What is the probability of getting 80% or more of the questions correct on a 10-question true-false exam merely by guessing?
probability - Damon, Wednesday, March 6, 2013 at 2:53am
Binomial distribution with p = .5
p(10 right)
= c(10,10) .5^10 (.5)^0 =.5^10 = .000976
p( 9 right)
= c(10,9) .5^9 (.5)^1 = .00976
p(8 right)
= c(10,8) (.5)^8 (.5)^2 = 45*.5^10 = .04394
sum = .0547
I can't understand that way.... can anyone explain or solve it another way
well you can understand it like,
for one qusetion getting right,
the probability is=.5
as there are only two options true and false.
for two qusetion getting right,
the probability is=.5*.5
for three qusetion getting right,
the probability is=.5*.5*.5
.................................................................
for eight qusetion getting right,
the probability is=(.5)^8
for exactly eight question getting right you have to make 2 questions wrong.
for two qusetion getting wrong,
the probability is=(.5)^2
and you can select 8 questions out of 10 at a probability=C(10,10)*(.5)^8*(.5)^2
.
.
.
thus you can calculate probability for exactly 9 qstn and 10 qstn right.
sum them and u'ld get the ans.
thanx :) i got it
To find the probability of getting 80% or more of the questions correct on a 10-question true-false exam merely by guessing, we can use the binomial distribution formula.
First, let's define the variables:
n = total number of questions = 10
k = number of questions answered correctly to achieve 80% or more correct = 8, 9, or 10
p = probability of getting a question correct through guessing = 0.5 (since it's a true-false exam)
Now, let's calculate the probabilities:
P(10 right) = C(10,10) * (0.5)^10 * (0.5)^(10-10)
= 1 * (0.5)^10 * 1
= 0.000976
P(9 right) = C(10,9) * (0.5)^9 * (0.5)^(10-9)
= 10 * (0.5)^9 * (0.5)^1
= 0.00976
P(8 right) = C(10,8) * (0.5)^8 * (0.5)^(10-8)
= 45 * (0.5)^8 * (0.5)^2
= 0.04394
Now, sum up the probabilities:
P(80% or more correct) = P(10 right) + P(9 right) + P(8 right)
= 0.000976 + 0.00976 + 0.04394
= 0.054676
So, the probability of getting 80% or more of the questions correct on a 10-question true-false exam merely by guessing is approximately 0.0547 or 5.47%.
To find the probability of getting 80% or more of the questions correct on a 10-question true-false exam merely by guessing, we can use the binomial distribution.
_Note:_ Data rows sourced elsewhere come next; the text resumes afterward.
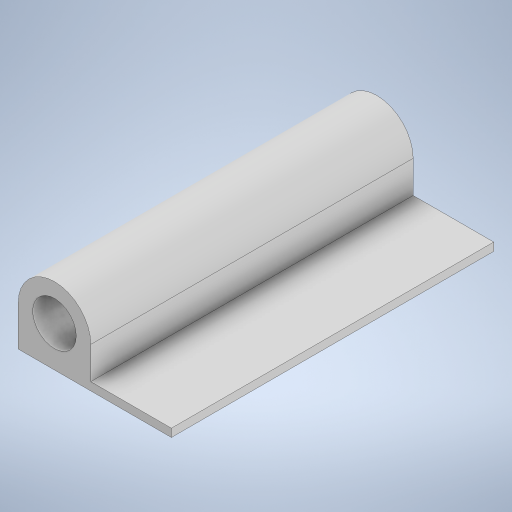
# Autodesk Inventor part: LI0017-LATCH BARREL
Saved by Autodesk Inventor 2023 (Build 270158000, 158)
## iProperties
Created: 2023-05-10
Part Number: LI0017-LATCH BARREL
Material: Generic
Document SubType Name: Modeling
Designer: Louis
Density: 1 g/cm^3
Appearance: Default
Author: Louis
Autodesk Inventor part; units mm, degrees
ref_plane "YZ Plane" through (0, 0, 0) normal (1, 0, 0) x (0, 1, 0)
ref_plane "XZ Plane" through (0, 0, 0) normal (0, 1, 0) x (-1, 0, 0)
ref_plane "XY Plane" through (0, 0, 0) normal (0, 0, 1) x (1, 0, 0)
sketch "Sketch1" plane through (0, 0, 0) normal (0, 0, 1) x (1, 0, 0)
  line L0 (9, 0) -> (28, 0)
  line L1 (28, 0) -> (28, 1)
  line L2 (28, 1) -> (9, 1)
  line L3 (9, 1) -> (18, 1)
  line L4 (18, 1) -> (18, 5)
  line L5 (18, 5) -> (9, 5)
  line L6 (9, 5) -> (9, 1)
  circle A0 centre (13.5, 5) radius 4.5
  circle A1 centre (13.5, 5) radius 2.5
  line L7 (9, 1) -> (9, 0)
  point P0 (0, 0)
  point P1 (28, 0.5)
  point P2 (18, 1)
  point P3 (11.4384, 1)
  point P4 (15.5616, 1)
  dimension "d1" = 1
  dimension "d2" = 5
  dimension "d3" = 5
  dimension "d4" = 2
  dimension "d5" = 10
  dimension "d11" = 9
  constraints: 16 end point, 3 parallel, 3 perpendicular, 2 horizontal, 2 midpoint, 1 centre point, 1 coincident, 3 other
  measures "d1" distance between parallel lines of L0 L2
  measures "d2" distance between parallel lines of L0 L5
  measures "d3" diameter of A1
  measures "d5" distance from line of point (28, 0.5) L4
  measures "d11" distance of point (0, 0) L0.start
extrude "Extrusion1" add sketch "Sketch1" along normal blind 40 contours L7 L2 A0 L1 L0 | L6 A0 L2 | A0 L5 A1 L2 | L2 A0 | A0 L5 A1 | L2 A0 L4
thicken "Thicken1" operation cut thickness 0.2 both sides no extend neighbours no toward (0.9870503, -0.1604113, 0) faces at (15.9676, 4.599, 26.6667)
body "Solid1"
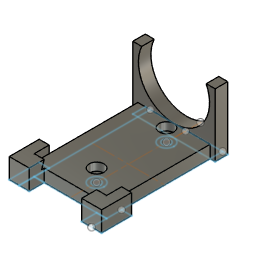
CV60 Camera Holder 2.0 v9 (Autodesk Fusion 360 design; units mm, degrees)
Autodesk Fusion 360 part; units mm, degrees
sketch "Schizzo1" plane through (0, 0, 0) normal (0, 0, 1) x (1, 0, 0)
  line L0 (-339.0462, -7.6484) -> (-310.0462, -7.6484)
  line L1 (-310.0462, -7.6484) -> (-310.0462, 38.8516)
  line L2 (-339.0462, 38.8516) -> (-339.0462, -7.6484)
  line L3 (-324.5462, 38.8516) -> (-324.5462, -7.6484)
  line L4 (-339.0462, 15.6016) -> (-310.0462, 15.6016)
  line L5 (-308.0462, 38.8516) -> (-308.0462, 33.8516)
  line L6 (-308.0462, 33.8516) -> (-341.0462, 33.8516)
  line L7 (-341.0462, 33.8516) -> (-341.0462, 38.8516)
  line L8 (-324.5462, 38.8516) -> (-324.5462, 33.8516)
  line L9 (-339.0462, -7.6484) -> (-335.0462, -7.6484)
  line L10 (-335.0462, -7.6484) -> (-335.0462, -13.6484)
  line L11 (-335.0462, -13.6484) -> (-339.0462, -13.6484)
  line L12 (-339.0462, -13.6484) -> (-339.0462, -7.6484)
  line L13 (-310.0462, -13.6484) -> (-310.0462, -7.6484)
  line L14 (-314.0462, -7.6484) -> (-314.0462, -13.6484)
  line L15 (-314.0462, -13.6484) -> (-310.0462, -13.6484)
  line L16 (-310.0462, -7.6484) -> (-314.0462, -7.6484)
  line L17 (-339.0462, 33.8516) -> (-308.0462, 33.8516) construction
  line L18 (-308.0462, 38.8516) -> (-341.0462, 38.8516)
  line L19 (-324.5462, 44.5) -> (-324.5462, 38.5) construction
  circle A0 centre (-324.5462, 30.8516) radius 1.6
  circle A1 centre (-324.5462, 2.8516) radius 1.6
  circle A2 centre (-324.5462, 2.8516) radius 2.95
  circle A3 centre (-324.5462, 30.8516) radius 2.95
  line L20 (-339.0462, -13.6484) -> (-343.0462, -13.6484)
  line L21 (-343.0462, -13.6484) -> (-343.0462, -1.6484)
  line L22 (-343.0462, -1.6484) -> (-339.0462, -1.6484)
  line L23 (-339.0462, -1.6484) -> (-339.0462, -13.6484)
  line L24 (-306.0462, -1.6484) -> (-310.0462, -1.6484)
  line L25 (-306.0462, -13.6484) -> (-306.0462, -1.6484)
  line L26 (-310.0462, -13.6484) -> (-306.0462, -13.6484)
  dimension "d420" = 29
  dimension "d422" = 33
  dimension "d423" = 5
  dimension "d442" = 4
  dimension "d443" = 6
  dimension "d640" = 3.2
  dimension "d641" = 3.2
  dimension "d642" = 28
  dimension "d643" = 5.9
  dimension "d644" = 5.9
  dimension "d648" = 8
  dimension "d652" = 4
  dimension "d653" = 12
  dimension "d658" = 46.5
  dimension "d665" = 37
  constraint horizontal L0
  constraint vertical L1
  constraint vertical L2
  constraint midpoint L0 L3.end
  constraint midpoint L2 L4.start
  constraint midpoint L1 L4.end
  constraint vertical L5
  constraint horizontal L6
  constraint vertical L7
  constraint midpoint L6 L8.end
  constraint coincident L3.start L8.start
  constraint horizontal L9
  constraint vertical L10
  constraint horizontal L11
  constraint vertical L12
  constraint symmetric L0.start L3 L0.end
  constraint symmetric L3 L9.end L14.start
  constraint symmetric L3 L10.end L14.end
  constraint symmetric L3 L11.end L13.start
  constraint coincident L6 L17.start
  constraint coincident L2 L17.start
  constraint perpendicular L2 L17
  constraint perpendicular L7 L18
  constraint coincident L3 A0.centre
  constraint coincident L3 A1.centre
  constraint concentric A1 A2
  constraint concentric A0 A3
  constraint horizontal L20
  constraint vertical L21
  constraint horizontal L22
  constraint vertical L23
  constraint symmetric L3 L20.end L25.start
  constraint symmetric L3 L21.end L24.start
  constraint symmetric L3 L22.end L24.end
  measures "d420" distance of L0.start L0.end
  measures "d422" distance of L7.end L5.start
  measures "d423" distance of L7.end L6.end
  measures "d442" distance of L0.start L9.end
  measures "d443" distance of L0.start L11.end
  measures "d640" diameter of A0
  measures "d641" diameter of A1
  measures "d642" distance of A0.centre A1.centre
  measures "d643" diameter of A2
  measures "d644" diameter of A3
  measures "d648" distance of L18 A0.centre
  measures "d652" distance of L11.end L20.end
  measures "d653" distance of L11.end L22.end
  measures "d658" distance of L0 L18
  measures "d665" distance of L21 L25
extrude "Estrusione97" add sketch "Schizzo1" along normal blind 5 contours L0 L2 L3 L4 L9 A2 L23 | L0 L1 L3 L4 L16 A2 | L2 L3 L4 L6 A3 | L3 A1 A2 | L3 A1 A2 | L2 L6 L7 L18 | L2 L3 L6 L8 L18 | L1 L3 L4 L6 A3 | L1 L3 L6 L8 L18 | L3 A0 A3 | L3 A0 A3 | L1 L5 L6 L18
extrude "Estrusione140" cut sketch "Schizzo1" against normal blind 3.2 from surface at 5 contours L3 A1 A2 | L3 A1 A2 | L3 A0 A3 | L3 A0 A3
extrude "Estrusione98" add sketch "Schizzo1" along normal up to surface (33.5 mm away) contours L2 L6 L7 L18 | L2 L3 L6 L8 L18 | L1 L3 L6 L8 L18 | L1 L5 L6 L18
extrude "Estrusione102" add sketch "Schizzo1" along normal up to surface (8 mm away) contours L0 L9 L10 L11 L12 L23 | L0 L13 L14 L15 L16
sketch "Schizzo45" plane through (0, 38.8516, 0) normal (0, 1, 0) x (-1, 0, 0)
  line L0 (341.0462, 0) -> (341.0462, 33.5)
  line L1 (308.0462, 33.5) -> (308.0462, 0)
  line L2 (308.0462, 0) -> (341.0462, 0)
  line L3 (308.0462, 33.5) -> (341.0462, 33.5) construction
  line L4 (341.0462, 33.5) -> (341.0462, 1.9118) construction
  line L5 (341.0462, 1.9118) -> (308.0462, 1.9118) construction
  line L6 (308.0462, 1.9118) -> (308.0462, 33.5) construction
  line L7 (308.0462, 17.7059) -> (341.0462, 17.7059) construction
  circle A0 centre (324.5462, 19.25) radius 14.25
  line L8 (308.0462, 25.25) -> (341.0462, 25.25)
  line L9 (308.0462, 0) -> (341.0462, 0)
  line L10 (324.5462, 0) -> (324.5462, 36.5) construction
  line L11 (341.0462, 33.5) -> (308.0462, 33.5)
  dimension "d560" = 28.5
  dimension "d561" = 6
  dimension "d584" = 19.25
  constraint horizontal L3
  constraint vertical L4
  constraint horizontal L5
  constraint vertical L6
  constraint midpoint L6 L7.start
  constraint midpoint L4 L7.end
  constraint coincident L1 L8.start
  constraint coincident L4 L8.end
  constraint perpendicular L4 L8
  constraint midpoint L9 L10.start
  constraint coincident A0.centre L10
  constraint collinear L3 L11
  measures "d560" diameter of A0
  measures "d561" distance of A0.centre L8
  measures "d584" distance of A0.centre L9
extrude "Estrusione128" cut sketch "Schizzo45" against normal blind 7 contours A0 L8 | A0 L8
extrude "Estrusione139" cut sketch "Schizzo45" against normal blind 5 contours L0 A0 L8 L11 | L1 A0 L8 L11
sketch "Schizzo40" plane through (-310.0462, 0, 0) normal (1, 0, 0) x (0, 1, 0)
  line L0 (-13.6484, 0) -> (33.8516, 0)
  line L1 (33.8516, 5) -> (-7.6484, 5)
  line L2 (-7.6484, 8) -> (-13.6484, 8)
  line L3 (-13.6484, 8) -> (-13.6484, 0)
  line L4 (-13.6484, 8) -> (-7.6484, 8) construction
  line L5 (-7.6484, 8) -> (-7.6484, 5) construction
  line L6 (-7.6484, 5) -> (-13.6484, 5) construction
  line L7 (-13.6484, 5) -> (-13.6484, 8) construction
  line L8 (-8.6484, 8) -> (-8.6484, 5) construction
  line L9 (-7.6484, 8) -> (-8.6484, 5)
  line L10 (-8.6484, 5) -> (-7.6484, 5)
  line L11 (-7.6484, 5) -> (-7.6484, 8)
  dimension "d651" = 1
  constraint horizontal L4
  constraint vertical L5
  constraint horizontal L6
  constraint vertical L7
  constraint coincident L2.end L3.start
  constraint coincident L1.end L5.end
  constraint coincident L4 L8.start
  constraint coincident L6 L8.end
  constraint perpendicular L6 L8
  constraint coincident L2.start L4.end
  measures "d651" distance of L5 L8
extrude "Estrusione103" cut sketch "Schizzo40" against normal blind 30
extrude "Estrusione141" add sketch "Schizzo1" along normal blind 8 contours L2 L12 L20 L21 L22 L23 | L1 L13 L24 L25 L26
equation "BeamLenght = 140 mm"
equation "BeamSlotDepth = 16.5 mm"
equation "CableBoreSize = 4 mm"
equation "RotationJontDiameter = 10 mm"
equation "BeamScrewHole = 4 mm"
equation "BeamLock = 8.2 mm"
equation "JointLockDepth = 1 mm"
equation "JointLockStep = 0.5 mm" comment "This is the step before the joint lock sink"
equation "d584 = 5 mm + ( 28.50 / 2 ) * 1 mm"
named bodies: "Camera Holder"
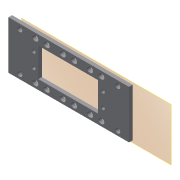
# Autodesk Inventor part: ExtendedServoMount
Saved by Autodesk Inventor 2018 (Build 220112000, 112)
## iProperties
Created: 2018-12-08
Part Number: ExtendedServoMount
Material: Generic
Document SubType Name: Modeling
Designer: ball
Density: 1 g/cm^3
Appearance: Default
Author: ball
Autodesk Inventor part; units mm, degrees
ref_plane "YZ Plane" through (0, 0, 0) normal (1, 0, 0) x (0, 1, 0)
ref_plane "XZ Plane" through (0, 0, 0) normal (0, 1, 0) x (-1, 0, 0)
ref_plane "XY Plane" through (0, 0, 0) normal (0, 0, 1) x (1, 0, 0)
ref_plane "Work Plane1" through (0, 0, 0) normal (0, 0, 1) x (1, 0, 0)
sketch "Sketch2" plane through (0, 0, 0) normal (0, 0, 1) x (1, 0, 0)
  arc A0 (-24.5984, 11.6916) -> (-24.5984, 15.2476) centre (-24.5984, 13.4696) ccw projected
  line L0 (-24.5984, 15.2476) -> (-25.3604, 15.2476) projected
  line L1 (-25.3604, 11.6916) -> (-24.5984, 11.6916) projected
  arc A1 (-25.3604, 15.2476) -> (-25.3604, 11.6916) centre (-25.3604, 13.4696) ccw projected
  arc A2 (-25.3604, 15.2476) -> (-25.3604, 11.6916) centre (-25.3604, 13.4696) ccw
  arc A3 (-24.5984, 11.6916) -> (-24.5984, 15.2476) centre (-24.5984, 13.4696) ccw
  line L2 (-27.1384, 13.4696) -> (-22.8204, 13.4696) construction
  line L3 (-25.3604, 11.6916) -> (-24.5984, 11.6916)
  line L4 (-24.5984, 15.2476) -> (-25.3604, 15.2476)
  arc A4 (-25.3604, 15.2476) -> (-25.3604, 11.6916) centre (-25.3604, 13.4696) ccw
  arc A5 (-24.5984, 11.6916) -> (-24.5984, 15.2476) centre (-24.5984, 13.4696) ccw
  arc A6 (-33.2496, 15.2476) -> (-33.2496, 11.6916) centre (-33.2496, 13.4696) ccw
  arc A7 (-32.4876, 11.6916) -> (-32.4876, 15.2476) centre (-32.4876, 13.4696) ccw
  arc A8 (-43.6499, 11.6916) -> (-43.6499, 15.2476) centre (-43.6499, 13.4696) ccw
  arc A9 (-44.4119, 15.2476) -> (-44.4119, 11.6916) centre (-44.4119, 13.4696) ccw projected
  arc A10 (-51.5391, 11.6916) -> (-51.5391, 15.2476) centre (-51.5391, 13.4696) ccw
  arc A11 (-52.3011, 15.2476) -> (-52.3011, 11.6916) centre (-52.3011, 13.4696) ccw projected
  line L5 (-46.1899, 13.4696) -> (-41.8719, 13.4696) construction
  line L6 (-44.4119, 11.6916) -> (-43.6499, 11.6916)
  line L7 (-43.6499, 15.2476) -> (-44.4119, 15.2476)
  arc A12 (-44.4119, 15.2476) -> (-44.4119, 11.6916) centre (-44.4119, 13.4696) ccw
  arc A13 (-43.6499, 11.6916) -> (-43.6499, 15.2476) centre (-43.6499, 13.4696) ccw
  line L8 (-54.0791, 13.4696) -> (-49.7611, 13.4696) construction
  line L9 (-52.3011, 11.6916) -> (-51.5391, 11.6916)
  line L10 (-51.5391, 15.2476) -> (-52.3011, 15.2476)
  arc A14 (-52.3011, 15.2476) -> (-52.3011, 11.6916) centre (-52.3011, 13.4696) ccw
  arc A15 (-51.5391, 11.6916) -> (-51.5391, 15.2476) centre (-51.5391, 13.4696) ccw
  line L11 (-35.0276, 13.4696) -> (-30.7096, 13.4696) construction
  line L12 (-33.2496, 11.6916) -> (-32.4876, 11.6916)
  line L13 (-32.4876, 15.2476) -> (-33.2496, 15.2476)
  arc A16 (-33.2496, 15.2476) -> (-33.2496, 11.6916) centre (-33.2496, 13.4696) ccw
  arc A17 (-32.4876, 11.6916) -> (-32.4876, 15.2476) centre (-32.4876, 13.4696) ccw
  line L14 (-65.2414, 13.4696) -> (-60.9234, 13.4696) construction
  line L15 (-63.4634, 11.6916) -> (-62.7014, 11.6916)
  line L16 (-62.7014, 15.2476) -> (-63.4634, 15.2476)
  arc A18 (-63.4634, 15.2476) -> (-63.4634, 11.6916) centre (-63.4634, 13.4696) ccw
  arc A19 (-62.7014, 11.6916) -> (-62.7014, 15.2476) centre (-62.7014, 13.4696) ccw
  line L17 (-73.1307, 13.4696) -> (-68.8127, 13.4696) construction
  line L18 (-71.3527, 11.6916) -> (-70.5907, 11.6916)
  line L19 (-70.5907, 15.2476) -> (-71.3527, 15.2476)
  arc A20 (-71.3527, 15.2476) -> (-71.3527, 11.6916) centre (-71.3527, 13.4696) ccw
  arc A21 (-70.5907, 11.6916) -> (-70.5907, 15.2476) centre (-70.5907, 13.4696) ccw
  line L20 (-73.1307, -13.4696) -> (-68.8127, -13.4696) construction
  line L21 (-71.3527, -15.2476) -> (-70.5907, -15.2476)
  line L22 (-70.5907, -11.6916) -> (-71.3527, -11.6916)
  arc A22 (-71.3527, -11.6916) -> (-71.3527, -15.2476) centre (-71.3527, -13.4696) ccw
  arc A23 (-70.5907, -15.2476) -> (-70.5907, -11.6916) centre (-70.5907, -13.4696) ccw
  line L23 (-65.2414, -13.4696) -> (-60.9234, -13.4696) construction
  line L24 (-63.4634, -15.2476) -> (-62.7014, -15.2476)
  line L25 (-62.7014, -11.6916) -> (-63.4634, -11.6916)
  arc A24 (-63.4634, -11.6916) -> (-63.4634, -15.2476) centre (-63.4634, -13.4696) ccw
  arc A25 (-62.7014, -15.2476) -> (-62.7014, -11.6916) centre (-62.7014, -13.4696) ccw
  line L26 (-54.0791, -13.4696) -> (-49.7611, -13.4696) construction
  line L27 (-52.3011, -15.2476) -> (-51.5391, -15.2476)
  line L28 (-51.5391, -11.6916) -> (-52.3011, -11.6916)
  arc A26 (-52.3011, -11.6916) -> (-52.3011, -15.2476) centre (-52.3011, -13.4696) ccw
  arc A27 (-51.5391, -15.2476) -> (-51.5391, -11.6916) centre (-51.5391, -13.4696) ccw
  line L29 (-46.1899, -13.4696) -> (-41.8719, -13.4696) construction
  line L30 (-44.4119, -15.2476) -> (-43.6499, -15.2476)
  line L31 (-43.6499, -11.6916) -> (-44.4119, -11.6916)
  arc A28 (-44.4119, -11.6916) -> (-44.4119, -15.2476) centre (-44.4119, -13.4696) ccw
  arc A29 (-43.6499, -15.2476) -> (-43.6499, -11.6916) centre (-43.6499, -13.4696) ccw
  line L32 (-35.0276, -13.4696) -> (-30.7096, -13.4696) construction
  line L33 (-33.2496, -15.2476) -> (-32.4876, -15.2476)
  line L34 (-32.4876, -11.6916) -> (-33.2496, -11.6916)
  arc A30 (-33.2496, -11.6916) -> (-33.2496, -15.2476) centre (-33.2496, -13.4696) ccw
  arc A31 (-32.4876, -15.2476) -> (-32.4876, -11.6916) centre (-32.4876, -13.4696) ccw
  line L35 (-27.1384, -13.4696) -> (-22.8204, -13.4696) construction
  line L36 (-25.3604, -15.2476) -> (-24.5984, -15.2476)
  line L37 (-24.5984, -11.6916) -> (-25.3604, -11.6916)
  arc A32 (-25.3604, -11.6916) -> (-25.3604, -15.2476) centre (-25.3604, -13.4696) ccw
  arc A33 (-24.5984, -15.2476) -> (-24.5984, -11.6916) centre (-24.5984, -13.4696) ccw
  circle A34 centre (-72.1182, 4.953) radius 1.3525
  circle A35 centre (-72.1182, -4.953) radius 1.3525
  circle A36 centre (-23.8328, -4.953) radius 1.3525
  circle A37 centre (-23.8328, 4.953) radius 1.3525
  line L38 (-68.8127, 10.036) -> (-27.1475, 10.036)
  line L39 (-27.1475, 10.036) -> (-27.1475, -10.16)
  line L40 (-27.1475, -10.16) -> (-68.8127, -10.16)
  line L41 (-68.8127, -10.16) -> (-68.8127, 10.036)
  circle A38 centre (-81.7796, 13.4704) radius 1.778
  circle A39 centre (-81.7796, -13.4704) radius 1.778
  circle A40 centre (-81.7796, 13.4704) radius 1.778
  circle A41 centre (-81.7796, -13.4704) radius 1.778
  circle A42 centre (-13.4704, 13.4704) radius 1.778
  circle A43 centre (-13.4704, -13.4704) radius 1.778
  circle A44 centre (-13.4704, -13.4704) radius 1.778
  circle A45 centre (-13.4704, 13.4704) radius 1.778
  circle A46 centre (-89.6704, 13.4704) radius 1.778
  circle A47 centre (-89.6704, -13.4704) radius 1.778
  circle A48 centre (-5.5796, -13.4704) radius 1.778
  circle A49 centre (-5.5796, 13.4704) radius 1.778
  line L42 (-89.6704, 16.764) -> (-5.5796, 16.764)
  line L43 (-5.5796, 16.764) -> (-5.5796, -16.764)
  line L44 (-5.5796, -16.764) -> (-89.6704, -16.764)
  line L45 (-89.6704, -16.764) -> (-89.6704, 16.764)
  point P0 (0, 0)
  point P1 (-24.9794, 13.4696)
  point P2 (-44.0309, 13.4696)
  point P3 (-51.9201, 13.4696)
  point P4 (-32.8686, 13.4696)
  point P5 (-63.0824, 13.4696)
  point P6 (-70.9717, 13.4696)
  point P7 (-70.9717, -13.4696)
  point P8 (-63.0824, -13.4696)
  point P9 (-51.9201, -13.4696)
  point P10 (-44.0309, -13.4696)
  point P11 (-32.8686, -13.4696)
  point P12 (-24.9794, -13.4696)
  constraints: 112 end point, 92 point on circle, 48 tangent, 46 centre point, 24 point on line, 16 parallel, 12 midpoint, 4 coincident, 4 concentric, 2 horizontal, 2 perpendicular, 40 other
extrude "Extrusion1" add sketch "Sketch2" along normal blind 2.54 contours A46 L45 | A46 L45 L42 L43 A49 A48 L44 A47 | A47 L45 | L43 A49 | L43 A48 picked at (-89.0777, 13.4704) picked at (-89.0777, -13.4704) picked at (-6.7028, 13.6737) picked at (-6.7028, -13.2671)
body "Solid1"

The binomial distribution is used when there are two possible outcomes (in this case, correct or incorrect) and each outcome has a fixed probability (in this case, 50% since the student is guessing). We can calculate the probability of each possible outcome and sum them up.
To start, let's calculate the probability of getting exactly 10 questions right. The formula for this is:
P(X = k) = C(n, k) * p^k * (1-p)^(n-k)
where:
- P(X = k) is the probability of getting exactly k questions right
- C(n, k) is the number of ways to choose k items from a set of n items (binomial coefficient)
- p is the probability of getting one question right
- n is the total number of questions
In this case, p = 0.5 (since the student is guessing), n = 10, and k = 10. Plugging these values into the formula, we get:
P(X = 10) = C(10, 10) * (0.5)^10 * (0.5)^0
= 1 * (0.5)^10 * 1
= 0.000976
So the probability of getting exactly 10 questions right is 0.000976.
We can repeat this calculation for getting exactly 9 questions right, 8 questions right, and so on. Finally, we sum up the probabilities of all these outcomes.
P(X ≥ 8) = P(X = 8) + P(X = 9) + P(X = 10)
P(X = 8) can be calculated as:
P(X = 8) = C(10, 8) * (0.5)^8 * (0.5)^2
= 45 * (0.5)^10
= 0.04394
Similarly, we can calculate P(X = 9) = 0.00976.
Summing up all these probabilities, we get:
P(X ≥ 8) = 0.04394 + 0.00976 + 0.000976
= 0.05467
Therefore, the probability of getting 80% or more of the questions correct on a 10-question true-false exam merely by guessing is approximately 0.05467 or 5.467%.